Moshe Kasher is a comedian who was born on July 6, 1979. Soon after his birth in Queens to Jewish and deaf parents, Moshe Kasher’s mother whisked him and his older brother away from their abusive father to Oakland under the guise of a vacation. They moved in with his grandmother, who had similarly left her husband. Kasher went on to spend his formative years in Oakland and often references his hometown experiences in his comedy.

Being deaf, Kasher’s mother struggled to find a job — a stressor that informed Moshe’s character. He was notoriously difficult as a child. Police officers came to know him by name as he knew theirs. His personality troubled his mother so intensely that she began sending him to therapy when he was only four years old. As a thirteen-year-old, he attended four different types of therapy eight times a week at the UCSF Center of Deafness: individual therapy, behavioral counseling, group therapy, and family therapy.
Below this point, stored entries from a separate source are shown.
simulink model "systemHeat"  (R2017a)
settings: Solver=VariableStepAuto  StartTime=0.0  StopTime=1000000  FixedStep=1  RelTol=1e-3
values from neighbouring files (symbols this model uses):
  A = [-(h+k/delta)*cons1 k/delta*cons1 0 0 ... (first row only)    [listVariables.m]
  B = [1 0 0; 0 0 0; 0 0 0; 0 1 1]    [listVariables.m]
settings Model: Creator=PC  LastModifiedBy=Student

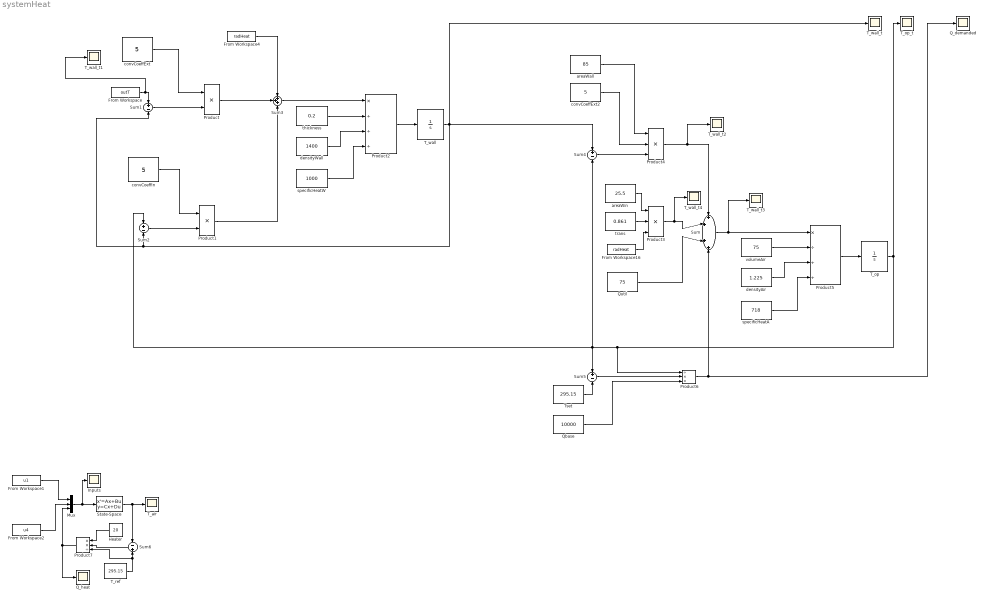
== system systemHeat ==
  From Workspace : FromWorkspace  VariableName=outT  SampleTime=0
  From Workspace1 : FromWorkspace  VariableName=u1  SampleTime=0
  From Workspace16 : FromWorkspace  VariableName=radHeat  SampleTime=0
  From Workspace2 : FromWorkspace  VariableName=u4  SampleTime=0
  From Workspace4 : FromWorkspace  VariableName=radHeat  SampleTime=0
  Heater : Constant  Value=20
  Inputs : Scope
  Mux : Mux  Inputs=3
  Product : Product
  Product1 : Product
  Product2 : Product  Inputs=*///
  Product3 : Product  Inputs=3
  Product4 : Product  Inputs=3
  Product5 : Product  Inputs=*///
  Product6 : Product  Inputs=/**
  Product7 : Product  Inputs=**/
  Q_demanded : Scope
  Q_heat : Scope
  Qbase : Constant  Value=10000
  Qutil : Constant  Value=75
  State-Space : StateSpace  A=A  B=B  C=[0 0 0 1]  D=[0 0 0]  X0=[270; 275; 280; 285]
  Sum : Sum  Inputs=++++
  Sum{1..2,4..5} (4 alike) : Sum  Inputs=+-
  Sum3 : Sum  Inputs=+++
  Sum6 : Sum  Inputs=-+
  T_air : Scope
  T_op : Integrator  InitialCondition=290.15
  T_op_t : Scope
  T_ref : Constant  Value=295.15
  T_wall : Integrator  InitialCondition=293.15
  T_wall_t{,1..4} (5 alike) : Scope
  Tset : Constant  Value=295.15
  areaWall : Constant  Value=85
  areaWin : Constant  Value=25.5
  convCoeffExt : Constant  Value=5
  "convCoeffExt2 " : Constant  Value=5
  convCoeffIn : Constant  Value=5
  densityAir : Constant  Value=1.225
  densityWall : Constant  Value=1400
  specificHeatA : Constant  Value=718
  specificHeatW : Constant  Value=1000
  thickness : Constant  Value=0.2
  trans : Constant  Value=0.861
  volumeAir : Constant  Value=75
  wires:
  From Workspace/1 -> T_wall_t1/1, Sum1/1
  Sum1/1 -> Product/2
  convCoeffExt/1 -> Product/1
  Sum2/1 -> Product1/2
  T_op/1 -> Product6/1, Sum4/2, Sum5/1, Sum2/1, T_op_t/1
  Product/1 -> Sum3/2
  Product1/1 -> Sum3/3
  thickness/1 -> Product2/2
  densityWall/1 -> Product2/3
  specificHeatW/1 -> Product2/4
  Sum3/1 -> Product2/1
  Product2/1 -> T_wall/1
  From Workspace4/1 -> Sum3/1
  T_wall/1 -> Sum4/1, T_wall_t/1, Sum1/2, Sum2/2
  Sum4/1 -> Product4/3
  "convCoeffExt2 "/1 -> Product4/2
  areaWall/1 -> Product4/1
  areaWin/1 -> Product3/1
  trans/1 -> Product3/2
  From Workspace16/1 -> Product3/3
  Product4/1 -> T_wall_t2/1, Sum/1
  Product3/1 -> T_wall_t4/1, Sum/2
  Qutil/1 -> Sum/3
  specificHeatA/1 -> Product5/4
  densityAir/1 -> Product5/3
  Product5/1 -> T_op/1
  volumeAir/1 -> Product5/2
  Sum/1 -> T_wall_t3/1, Product5/1
  Tset/1 -> Sum5/2
  Sum5/1 -> Product6/2
  Qbase/1 -> Product6/3
  Product6/1 -> Q_demanded/1, Sum/4
  convCoeffIn/1 -> Product1/1
  From Workspace1/1 -> Mux/1
  Mux/1 -> Inputs/1, State-Space/1
  State-Space/1 -> Sum6/1, T_air/1
  From Workspace2/1 -> Mux/2
  T_ref/1 -> Product7/3, Sum6/2
  Product7/1 -> Q_heat/1, Mux/3
  Sum6/1 -> Product7/2
  Heater/1 -> Product7/1

By the age of twelve, Kasher found himself addicted to cigarettes and cannabis and consistently took acid at thirteen. He failed middle school three consecutive times while using drugs to escape an all-consuming existential crisis. Self-described as one of the only white kids in the various public schools he attended, Kasher cites his racially, socially, and culturally diverse peer group as an influence on his work. Many of those who became his friends were fellow rule breakers and addicts. Kasher spent a considerable amount of time at the Rockridge BART Station, often smoking and drinking near there with friends. Eventually, he began stealing things from his home so that he could afford drugs.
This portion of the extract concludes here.